The minimum wage has remained stagnant since July 2009, when it was increased from $6.55 per hour. A full-time federal minimum wage worker today earns 18% less than what their counterpart earned before that increase after adjusting for rising costs of living, according to the EPI. If the minimum wage had tracked productivity increases over the past five decades, it would currently sit at $22 per hour. 
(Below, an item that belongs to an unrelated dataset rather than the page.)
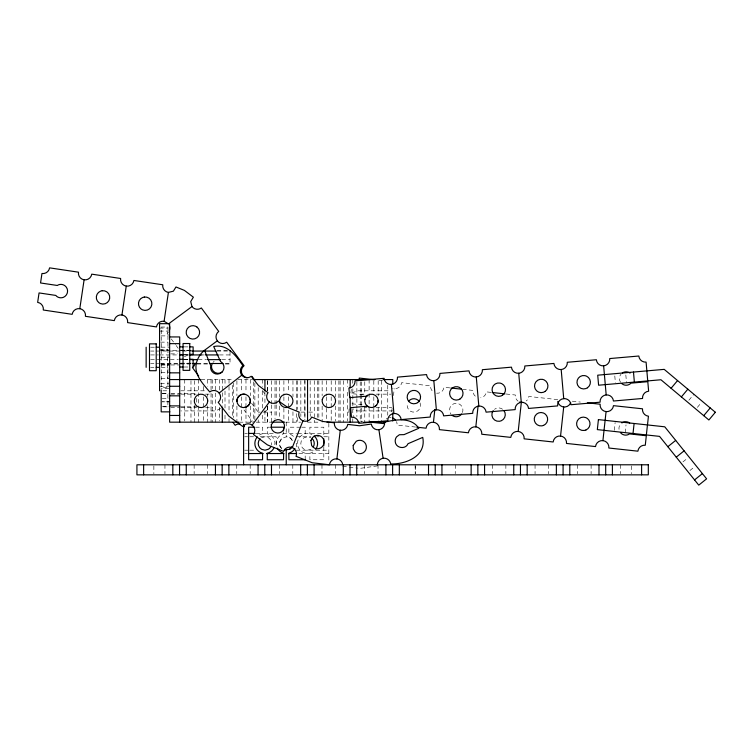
<?xml version="1.0" encoding="UTF-8"?>
<svg xmlns="http://www.w3.org/2000/svg" width="753" height="753" viewBox="0 0 753 753"><rect width="100%" height="100%" fill="white"/><g stroke="black" fill="none" stroke-linecap="round" stroke-linejoin="round"><path stroke-width="0.56" stroke-dasharray="3.77 2.82" d="M349.176 408.823L348.714 413.049A6.711 6.711 0 0 1 350.418 413.463M351.293 389.301L350.832 393.527L366.542 395.231M391.711 411.835L392.097 408.352M393.48 395.589L394.233 388.623M614.269 430.33L615.135 422.555M625.178 432.646L626.025 424.861M688.854 400.257L693.89 394.261M697.353 407.382L700.93 403.09M682.943 461.9L687.301 458.398M689.889 470.54L694.238 467.029M289.576 437.662A6.711 6.711 0 0 1 292.71 441.738C289.114 429.784 272.238 442.726 282.864 449.287M249.667 422.904L252.227 421.002L242.155 407.382M264.595 411.863L268.012 409.331A6.711 6.711 0 0 1 267.164 407.797M261.479 437.709L264.83 436.768L268.19 437.625A6.711 6.711 0 0 1 271.419 445.127M310.961 449.249L307.619 450.19L304.25 449.334A6.711 6.711 0 0 1 304.099 437.709L307.44 436.768L310.81 437.625M220.582 408.465L215.603 410.931L180.824 410.931M351.905 393.254L356.875 390.798L390.459 390.798M377.488 465.862L360.028 468.385L355.849 467.895M159.57 328.073L167.957 328.073M159.57 331.085L167.957 331.085L167.957 357.242M161.246 335.885L167.957 335.885M160.615 342.135L167.957 342.135M184.174 346.879L189.765 346.879M150.619 347.218L156.21 347.218M161.246 347.171L169.632 347.171M159.57 349.42L167.957 349.42M161.246 350.117L167.957 350.117M180.824 350.23L192.006 350.23M159.57 350.531L190.104 350.578M217.118 350.578L227.688 350.578M180.824 350.719L192.006 350.719M150.619 351.058L153.979 351.058M156.21 351.058L192.457 351.058M217.118 351.058L227.688 351.058M170.752 353.882L177.463 353.872M184.174 354.597L188.655 354.597M150.619 354.936L158.45 354.936M159.57 354.936L178.357 354.936M184.231 354.936L187.751 354.936M201.851 354.936L204.195 354.936M219.462 354.936L230.032 354.936M161.246 357.242L169.632 357.242M184.174 359.294L188.655 359.294M150.619 359.633L178.357 359.633M184.231 359.633L187.751 359.633M198.321 359.633L206.548 359.633M221.815 359.633L230.032 359.633M180.824 363.172L192.006 363.172M150.619 363.511L153.979 363.511M156.21 363.511L159.57 363.511M160.747 363.511L192.457 363.511M197.154 363.511L207.724 363.511M225.335 363.511L230.032 363.511M179.703 363.652L192.006 363.652M160.69 363.953L190.104 364M197.154 364L207.724 364M225.335 364L230.032 364L230.032 351.058M161.246 364.358L169.632 364.358M161.246 365.054L169.632 365.054M170.752 364.96L179.703 364.96M184.174 367.012L188.655 367.012M150.619 367.351L153.979 367.351M161.246 367.304L167.957 367.304M161.246 372.34L168.587 372.34M161.246 378.599L169.632 378.599M201.098 379.559L233.835 379.559M237.769 379.559L251.784 379.559M160.615 383.39L168.587 383.39M159.57 386.411L169.632 386.411M168.813 388.369L161.18 388.774M162.921 390.798L169.632 390.798M180.824 390.798L206.642 390.798M162.29 393.405L167.891 393.405L167.891 406.827L162.29 406.827M171.063 393.405L196.74 393.405M162.29 393.631L169.896 393.631M170.752 394.148L179.703 394.148M180.711 394.148L196.232 394.148M205.418 394.148L212.252 394.148L212.252 422.169M360.235 394.148L364.763 394.148L364.763 380.679M376.255 394.148L390.769 394.148M162.29 398.375L169.896 398.375M162.29 406.601L169.896 406.601M180.4 406.827L196.74 406.827M170.752 407.571L179.703 407.571M180.711 407.571L196.542 407.571M205.522 407.571L212.252 407.571M364.716 407.571L366.965 407.571M375.935 407.571L391.776 407.571M392.784 410.931L356.875 410.931L352.771 408.747M258.204 412.107L260.246 412.107M263.277 412.107L271.626 412.107M300.842 412.107L307.026 412.107M308.768 412.107L314.227 412.107M239.228 422.169L252.82 422.169M256.218 422.169L270.694 422.169M285.669 422.169L300.635 422.169M307.553 422.169L320.223 422.169M255.606 427.205L262.562 427.205L262.562 433.775L261.62 433.963A10.071 10.071 0 0 0 257.3 436.891M269.593 427.205L267.268 427.205L267.268 433.747L269.31 434.425A10.071 10.071 0 0 1 274.798 445.381M300.532 427.205L288.907 427.205L288.832 433.756L291.26 434.763A10.071 10.071 0 0 1 294.47 437.709M301.699 427.205L305.181 427.205L305.181 433.775L304.231 433.963A10.071 10.071 0 0 0 303.139 452.534L305.181 453.212L305.181 459.754M244.763 433.408L247.059 433.408M256.274 433.408L273.555 433.408M282.77 433.408L296.588 433.408M297.746 433.408L328.835 433.408M244.612 436.768L247.633 436.768M249.798 436.768L254.42 436.768M260.199 436.768L276.153 436.768L276.153 446.906M296.287 436.768L310.951 436.768M316.797 436.768L319.131 436.768M323.809 436.768L328.835 436.768M244.612 450.19L248.641 450.19M249.808 450.19L255.653 450.19M296.287 450.19L328.835 450.19M244.763 453.541L247.059 453.541M298.894 453.541L328.835 453.541M378.994 380.218L382.477 380.594M449.805 387.899L443.997 387.268A6.711 6.711 0 0 1 436.599 393.217M462.568 389.282L473.016 390.421A6.711 6.711 0 0 0 477.27 397.396M491.012 392.369L486.363 391.871A6.711 6.711 0 0 1 480.715 397.772M506.101 394.007L515.391 395.014A6.711 6.711 0 0 0 518.092 401.161M557.757 399.617L528.728 396.464A6.711 6.711 0 0 1 526.262 400.973M572.261 401.189L580.384 402.064M351.999 403.787L362.099 404.879M360.471 421.068L362.795 421.322M415.609 427.055L397.029 425.04A6.711 6.711 0 0 0 396.502 421.605M342.709 466.342L354.804 467.773M311.921 434.425L309.878 433.747L309.878 427.205L323.809 427.205L323.809 436.505M502.609 409.256L501.074 408.399A6.711 6.711 0 0 0 494.439 409.35M262.468 390.553L265.244 394.308M251.596 403.222L258.976 413.199M168.484 335.189L167.091 333.306A6.711 6.711 0 0 0 168.352 332.092M171.26 338.944L175.43 344.573M176.127 345.514L178.207 348.328M625.828 374.966L626.505 382.769M614.796 375.935L615.361 382.618M283.589 431.573L283.617 433.756L281.189 434.763A10.071 10.071 0 0 0 277.509 448.515M631.39 465.909L631.372 473.731M620.293 464.789L620.293 473.731M591.105 464.789L591.105 473.731M577.683 464.789L577.683 473.731M548.485 464.789L548.485 473.731M535.063 464.789L535.063 473.731M505.865 464.789L505.865 473.731M492.453 464.789L492.453 473.731M455.32 464.789L455.236 473.731M415.242 465.909L415.242 473.731L415.148 464.789M387.748 385.31L387.748 415.261M381.517 380.707L381.517 422.169M378.185 380.726L378.185 395.899M378.185 407.571L378.185 422.169M378.025 464.789L378.025 473.731M373.817 380.707L373.817 392.417M373.817 396.831L373.817 407.194M373.817 408.145L373.817 422.169M369.121 379.559L369.121 392.417M369.121 393.584L369.121 422.169M364.763 406.996L364.763 422.169M364.603 464.789L364.603 473.731M361.431 381.856L361.431 422.169M360.235 381.799L360.235 407.571M360.235 408.691L360.235 422.169M356.875 381.799L356.875 397.509M356.875 398.629L356.875 407.571M356.875 408.691L356.875 416.55M352.771 379.559L352.771 384.228M352.846 388.774L352.846 408.352M352.771 409.312L352.771 412.823M352.771 418.668L352.771 422.169M347.481 379.559L347.557 386.468M347.481 392.228L347.557 421.021M343.453 380.707L343.453 422.169M340.102 380.707L340.102 422.169M338.897 380.707L338.897 422.169M335.565 380.707L335.565 396.831M335.565 406.046L335.565 421.021M335.405 464.789L335.405 473.731M331.207 380.707L331.207 392.228M331.207 396.831L331.207 422.169M328.835 423.327L328.835 461.335M326.51 380.707L326.51 395.683M326.51 396.831L326.51 407.194M326.51 408.352L326.51 422.169M323.809 446.764L323.809 459.754L309.878 459.754L309.878 453.184L310.829 452.986A10.071 10.071 0 0 0 315.14 450.068M322.143 380.707L322.143 395.683M322.143 406.046L322.143 422.169M321.983 464.789L321.983 473.731M318.82 380.707L318.82 417.567M317.615 380.707L317.615 419.863M314.265 380.707L314.265 422.169M310.151 380.707L310.236 416.409M304.946 380.707L304.946 419.863M304.861 379.559L304.861 419.863M300.842 380.707L300.842 416.578M297.482 380.707L297.482 409.5M297.482 417.567L297.482 422.169M296.287 380.707L296.287 422.169M296.287 446.906L296.287 443.404A10.071 10.071 0 0 1 295.948 446.087M292.955 380.707L292.955 396.831M292.955 411.806L292.955 422.169M292.795 464.789L292.795 473.731M288.587 379.559L288.587 392.228M288.587 396.831L288.587 422.169M286.225 422.169L286.225 436.768M283.89 380.707L283.89 395.683M283.89 396.831L283.89 401.443M283.89 408.352L283.89 422.169M279.532 380.707L279.532 396.831M279.532 406.046L279.532 417.567M279.372 464.789L279.372 473.731M276.2 380.707L276.2 403.74M276.2 404.898L276.2 417.567M275.005 380.707L275.005 403.74M275.005 404.898L275.005 418.715M271.645 380.707L271.645 403.74M271.645 404.898L271.645 422.169M267.616 380.707L267.616 391.071M267.616 406.046L267.616 422.169M267.541 380.707L267.541 391.071M267.541 406.046L267.541 422.169M264.934 392.228L264.934 404.898M264.934 410.658L264.934 422.169M262.326 379.559L262.251 386.468M262.251 391.071L262.326 408.352M262.326 415.261L262.251 422.169M258.223 387.616L258.204 414.338M258.223 419.863L258.204 422.169M254.862 383.013L254.862 421.021M253.667 381.856L253.667 422.169M250.335 379.559L250.335 395.683M250.335 406.046L250.335 422.169M250.175 464.789L250.175 473.731M245.977 379.559L245.977 392.228M245.977 396.831L245.977 407.194M245.977 408.352L245.977 422.169M241.28 379.559L241.28 392.228M241.28 396.831L241.28 422.169M236.913 380.707L236.913 395.683M236.913 406.046L236.913 422.169M236.753 464.789L236.753 473.731M233.581 383.013L233.581 417.567M232.31 385.31L232.31 416.409M229.025 379.559L229.025 385.31M229.025 386.468L229.025 412.955M229.025 418.715L229.025 422.169M225.006 379.559L225.006 386.468M225.006 391.071L225.006 409.5M225.006 415.261L225.006 422.169M222.314 379.559L222.314 406.046M219.716 379.559L219.631 391.071M219.631 407.194L219.631 421.021M215.603 379.559L215.603 390.798M215.603 393.038L215.603 422.169M212.252 379.559L212.252 388.548M211.047 379.559L211.047 392.228M211.047 393.377L211.047 422.169M207.724 379.559L207.724 386.289M207.724 394.148L207.724 396.483M207.724 405.829L207.724 422.169M207.555 464.789L207.555 473.731M203.357 386.468L203.357 392.417M203.357 396.831L203.357 422.169M198.66 379.559L198.66 422.169M196.74 398.375L196.74 403.467M194.302 380.679L194.302 395.269M194.302 405.34L194.302 422.169M194.142 464.789L194.142 473.731M190.97 380.707L190.97 422.169M184.739 379.559L184.739 421.021M167.957 330.398L167.957 327.037L161.246 327.037L161.246 387.437L167.957 387.437L167.957 364.358M167.618 357.242L167.618 378.599M164.945 464.789L164.945 473.731M153.866 465.909L153.857 473.731M281.481 448.223A6.711 6.711 0 0 1 282.864 437.662M212.948 362.513A6.711 6.711 0 0 1 214.2 361.28M184.457 356.781A6.711 6.711 0 0 1 187.695 355.501M619.032 429.361A6.711 6.711 0 0 1 620.312 424.391M420.014 402.799A6.711 6.711 0 0 1 416.475 411.599L414.79 412.079A6.711 6.711 0 0 1 407.618 402.93M432.1 390.751A6.711 6.711 0 0 1 430.65 385.818L401.631 382.675A6.711 6.711 0 0 1 392.529 388.209M386.157 419.082A6.711 6.711 0 0 1 387.654 418.179M389.329 417.68A6.711 6.711 0 0 1 391.089 417.642M353.223 415.515A6.711 6.711 0 0 1 354.136 417.011M462.436 412.531A6.711 6.711 0 0 0 460.234 404.662L458.709 403.796A6.711 6.711 0 0 0 450.934 414.169M620.594 382.298A6.711 6.711 0 0 1 621.046 374.137M169.896 401.81L162.29 401.81L169.896 401.848"/><path stroke-width="1.13" d="M236.931 401.377L237.026 399.627A6.711 6.711 0 0 1 250.316 400.351L250.222 402.102A6.711 6.711 0 0 1 236.913 400.954C236.847 396.699 241.186 393.198 245.318 394.327M378.072 402.102L378.166 400.351M416.767 427.177L426.057 428.193A6.711 6.711 0 0 1 433.455 422.245L434.839 409.472M433.455 422.245A6.711 6.711 0 0 1 439.404 429.634L468.422 432.787A6.711 6.711 0 0 1 475.821 426.838L478.089 405.942M563.705 407.006L560.552 436.034A6.711 6.711 0 0 0 553.154 441.983L524.135 438.83A6.711 6.711 0 0 0 518.186 431.431L521.34 402.413M620.397 432.561L621.649 433.784A6.711 6.711 0 0 0 628.313 434.585L629.489 433.897L646.319 435.723L645.283 445.23A6.711 6.711 0 0 0 637.895 451.179L608.866 448.026A6.711 6.711 0 0 0 602.918 440.627L606.071 411.609A6.711 6.711 0 0 1 600.122 404.21L587.349 402.827M633.019 433.493L634.101 423.487M646.366 434.942L647.448 424.937M647.524 424.654L648.437 416.202A6.711 6.711 0 0 1 642.488 408.804L613.469 405.66A6.711 6.711 0 0 1 606.071 411.609M336.883 458.954L340.271 430.217M79.799 308.683L84.11 279.805A6.711 6.711 0 0 0 91.744 274.158L120.612 278.478A6.711 6.711 0 0 0 126.259 286.102L121.948 314.98A6.711 6.711 0 0 0 114.315 320.627L85.447 316.307A6.711 6.711 0 0 0 79.799 308.683A6.711 6.711 0 0 0 72.166 314.321L43.297 310.01A6.711 6.711 0 0 0 37.65 302.377L39.062 292.926L55.807 295.421L56.767 296.4A6.711 6.711 0 0 0 63.412 297.313L64.937 296.437A6.711 6.711 0 0 0 66.226 287.034L64.993 285.792A6.711 6.711 0 0 0 58.348 284.879L57.313 285.472L40.549 282.968L41.961 273.508A6.711 6.711 0 0 0 49.594 267.861L78.472 272.181A6.711 6.711 0 0 0 84.11 279.805M121.948 314.98L123.633 315.46A6.711 6.711 0 0 1 127.586 322.604L156.464 326.924A6.711 6.711 0 0 1 164.098 321.277L168.408 292.409A6.711 6.711 0 0 1 162.761 284.775L133.893 280.464A6.711 6.711 0 0 1 126.259 286.102M292.268 447.649L302.979 420.758M342.559 463.744A6.711 6.711 0 0 0 337.749 459.057L336.007 458.859A6.711 6.711 0 0 0 329.598 463.914L329.494 464.789L312.184 462.747L295.985 456.29L296.305 455.48A6.711 6.711 0 0 0 293.077 447.969L291.449 447.329A6.711 6.711 0 0 0 283.947 450.558L283.627 451.367L267.428 444.91L253.497 434.519A6.711 6.711 0 0 0 252.133 425.134L269.395 401.989M671.092 388.275L677.559 380.566M681.371 396.906L687.847 389.188M703.735 415.665L710.211 407.957M367.633 395.259L366.617 396.172L349.75 397.65L348.912 388.115A6.711 6.711 0 0 0 355.011 380.849L384.096 378.307A6.711 6.711 0 0 0 391.372 384.406L393.913 413.491A6.711 6.711 0 0 1 401.18 419.59L430.264 417.04A6.711 6.711 0 0 1 436.364 409.773L433.822 380.689A6.711 6.711 0 0 1 426.556 374.589L397.471 377.131A6.711 6.711 0 0 1 391.372 384.406M375.201 406.347L376.5 405.18M667.845 446.698L675.695 440.392M676.26 457.156L684.101 450.849M694.558 479.906L702.398 473.599M219.132 393.057L241.817 375.154M289.576 449.287L292.032 446.83A6.711 6.711 0 0 1 289.576 449.287L284.483 449.965M203.235 351.237L217.316 340.817A6.711 6.711 0 0 1 218.718 331.433L201.352 307.958L199.818 308.815A6.711 6.711 0 0 1 191.968 306.556L168.493 323.922L164.098 321.277M621.865 422.941L623.042 422.245A6.711 6.711 0 0 1 629.706 423.045M243.765 407.542C248.01 407.571 251.361 403.081 250.128 399.015M169.632 336.939L179.703 336.939L179.703 422.169M169.632 343.65L179.703 343.65M179.703 346.879L183.054 346.879M189.765 346.879L193.126 346.879L193.126 354.597L189.765 354.597M156.21 347.218L159.57 347.218M192.457 351.058L215.942 351.058M189.765 354.343L193.126 354.343M179.703 354.597L183.054 354.597M179.534 354.936L183.054 354.936M188.928 354.936L201.851 354.936M205.371 354.936L218.295 354.936M179.703 359.294L183.054 359.294M189.765 359.294L193.126 359.294L193.126 367.012M189.765 359.548L193.126 359.548M192.457 359.633L197.154 359.633M207.724 359.633L220.638 359.633M192.457 363.511L197.154 363.511M210.068 363.511L222.992 363.511M179.703 367.012L183.054 367.012M156.21 367.351L159.57 367.351M169.632 372.848L179.703 372.848M169.632 379.559L200.43 379.559M252.952 379.559L374.909 379.559M383.108 379.559L392.784 379.559L392.784 384.162M169.632 386.27L179.703 386.27M169.632 395.833L179.703 395.833M169.632 405.895L179.703 405.895M169.896 411.863L161.18 411.863L161.18 389.941M169.632 415.458L179.703 415.458M238.814 422.169L169.632 422.169L169.632 323.686L159.57 323.686L159.57 390.798M271.249 422.169L284.512 422.169M327.131 422.169L359.379 422.169M363.859 422.169L385.423 422.169M254.439 427.205L248.641 427.205L248.641 459.754L262.562 459.754L262.562 453.212L260.519 452.534A10.071 10.071 0 0 1 257.3 436.891M270.751 427.205L283.542 427.205L283.58 430.481M248.217 433.408L255.126 433.408M248.217 453.541L263.183 453.541M266.647 453.541L283.919 453.541M288.531 453.541L296.588 453.541M305.181 459.754L288.907 459.754L288.832 453.202L291.26 452.195A10.071 10.071 0 0 0 294.941 448.515M168.408 292.409L173.388 291.166L175.976 286.978L184.381 290.385L193.37 297.171L190.725 301.577L191.968 306.556M374.354 379.71L359.266 378.072A6.711 6.711 0 0 1 358.852 379.776M450.962 388.021L461.41 389.16M492.17 392.501L504.943 393.885M369.761 422.085L383.691 423.591A6.711 6.711 0 0 1 384.105 421.887M630.045 373.121L629.047 372.471A6.711 6.711 0 0 0 622.355 372.97M621.762 383.606L623.23 384.567A6.711 6.711 0 0 0 629.922 384.058L630.939 383.145L647.806 381.677L648.634 391.202A6.711 6.711 0 0 0 642.535 398.469L613.45 401.02A6.711 6.711 0 0 0 606.184 394.911L603.633 365.836A6.711 6.711 0 0 1 596.367 359.736L567.282 362.278A6.711 6.711 0 0 1 561.183 369.544L563.724 398.629A6.711 6.711 0 0 1 571 404.728L600.085 402.187A6.711 6.711 0 0 1 606.184 394.911M368.509 406.846L367.502 406.196L350.625 407.674L351.463 417.2A6.711 6.711 0 0 1 358.729 423.299L387.814 420.758A6.711 6.711 0 0 1 393.913 413.491M252.048 376.472L254.825 380.227M198.698 376.02L192.439 367.568A6.711 6.711 0 0 0 195.083 363.162M233.072 422.48L235.152 425.294A6.711 6.711 0 0 1 240.141 424.052M252.133 425.134A6.711 6.711 0 0 0 242.739 426.499L228.808 416.108L218.21 402.328A6.711 6.711 0 0 0 219.961 394.346L219.019 392.868A6.711 6.711 0 0 0 211.038 391.118L209.748 391.946C202.783 383.616 193.257 374.1 196.618 362.146C198.067 357.59 200.533 353.157 204.6 350.465L210.765 365.732A6.711 6.711 0 0 0 215.622 373.883C219.725 375.003 224.121 371.54 223.98 367.285A6.711 6.711 0 0 0 220.544 361.525L213.701 346.549C227.161 343.462 236.423 356.113 242.927 365.789L242.551 366.043A6.711 6.711 0 0 0 241.082 374.081L242.08 375.521A6.711 6.711 0 0 0 250.118 376.989L251.182 376.255L258.533 385.564L268.04 392.661L267.334 393.734A6.711 6.711 0 0 0 269.009 401.735L270.468 402.695A6.711 6.711 0 0 0 278.469 401.02L288.23 407.721L299.261 412.117L298.941 412.926A6.711 6.711 0 0 0 302.169 420.438L303.788 421.087A6.711 6.711 0 0 0 311.3 417.859L311.62 417.04L322.651 421.435L334.436 422.828L334.332 423.694A6.711 6.711 0 0 0 339.396 430.114L341.137 430.311A6.711 6.711 0 0 0 347.557 425.257L347.651 424.381L359.454 425.774L371.304 424.052A6.711 6.711 0 0 0 378.91 429.728L383.108 458.332M647.731 380.914L646.093 362.118A6.711 6.711 0 0 1 638.817 356.018L609.742 358.56A6.711 6.711 0 0 1 603.633 365.836M633.489 372.048L634.365 382.082M521.274 402.347A6.711 6.711 0 0 0 515.174 409.613L486.09 412.155A6.711 6.711 0 0 0 478.823 406.055L476.273 376.98A6.711 6.711 0 0 0 482.381 369.704L511.456 367.163A6.711 6.711 0 0 0 518.732 373.262L521.274 402.347A6.711 6.711 0 0 1 528.54 408.446L557.625 405.905A6.711 6.711 0 0 1 563.724 398.629M641.603 464.789L641.603 474.851M612.405 464.789L612.405 474.851M605.694 464.789L605.694 474.851M598.983 464.789L598.983 474.851M569.795 464.789L569.795 474.851M563.084 464.789L563.084 474.851M556.373 464.789L556.373 474.851M527.175 464.789L527.175 474.851M520.464 464.789L520.464 474.851M513.753 464.789L513.753 474.851M484.565 464.789L484.565 474.851M477.854 464.789L477.854 474.851M471.143 464.789L471.143 474.851M441.945 464.789L441.945 474.851M435.234 464.789L435.234 474.851M428.523 464.789L428.523 474.851M399.335 464.789L399.335 474.851M392.784 412.955L392.784 421.021M392.624 464.789L392.624 474.851M385.913 464.789L385.913 474.851M356.715 464.789L356.715 474.851M350.164 379.559L350.164 387.616M350.164 396.831L350.164 422.169M350.004 464.789L350.004 474.851M343.293 464.789L343.293 474.851M323.809 438.83L323.809 445.804M314.095 464.789L314.095 474.851M307.553 379.559L307.553 421.021M307.384 464.789L307.384 474.851M300.673 464.789L300.673 474.851M286.225 450.19L286.225 464.789M271.485 464.789L271.485 474.851M264.934 379.559L264.934 391.071M264.774 464.789L264.774 474.851M258.063 464.789L258.063 474.851M243.605 424.476L243.605 464.789M230.032 350.578L230.032 351.058M228.865 464.789L228.865 474.851M222.314 407.194L222.314 422.169M222.154 464.789L222.154 474.851M215.443 464.789L215.443 474.851M186.255 464.789L186.255 474.851M179.543 464.789L179.543 474.851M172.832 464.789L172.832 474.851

The current full-time minimum wage worker earns $15,080 per year, falling below the poverty line for a household of two by over $2,000, and many argue that the official poverty line in the U.S. is far too low. The average annual rent between 2015 and 2019 alone was $12,744, according to the U.S. Census. That would leave full-time employees working at the federal minimum wage with just $2,336 to cover the rest of their annual expenses like utilities, transportation, food, and clothing.

Republicans argue that companies will not be able to stay open if they’re forced to pay laborers more. 

Still, while the increased minimum wage could pass through Congress along party lines, a 50–50 Senate would require every Democrat to be on board plus a tie-breaker vote from Vice President Kamala Harris to pass, which won’t happen—at least at $15. Democratic senators Joe Manchin and Kyrsten Sinema have expressed varying levels of trepidation. If the Senate ended the filibuster, which Democrats have also floated as a possibility, there could be a chance, but that also increasingly seems to be a very steep battle. 

The vast majority of states have increased the minimum wage on their own, but Alabama, Louisiana, Mississippi, South Carolina, and Tennessee have no laws, meaning they adhere to the $7.25 federal minimum. Georgia and Wyoming have minimum wages below the federal rate, at $5.15. Almost all minimum wage workers there make $7.25 an hour, but there are certain exemptions for farm and seasonal workers.

A number of corporations, like Chipotle, McDonald’s, Target, and Walmart, have recently committed to raising the minimum wage for their employees, but commitments are not legally binding and are often less impactful than they appear. McDonald’s, for example, will raise wages only at corporate-owned stores. According to the fast-food chain’s 2019 filings, 36,059 of its 38,695 restaurants were franchised, and McDonald’s operated only the remaining 2,636 restaurants.

Ultimately, Republicans and Democrats recognize that the problem is real: Americans don’t want to return to low-paying jobs. But the next few months will determine which approach elected officials choose to take to solve it: increase pay to make jobs more appealing or decrease the safety net so that Americans have no choice but to return to work.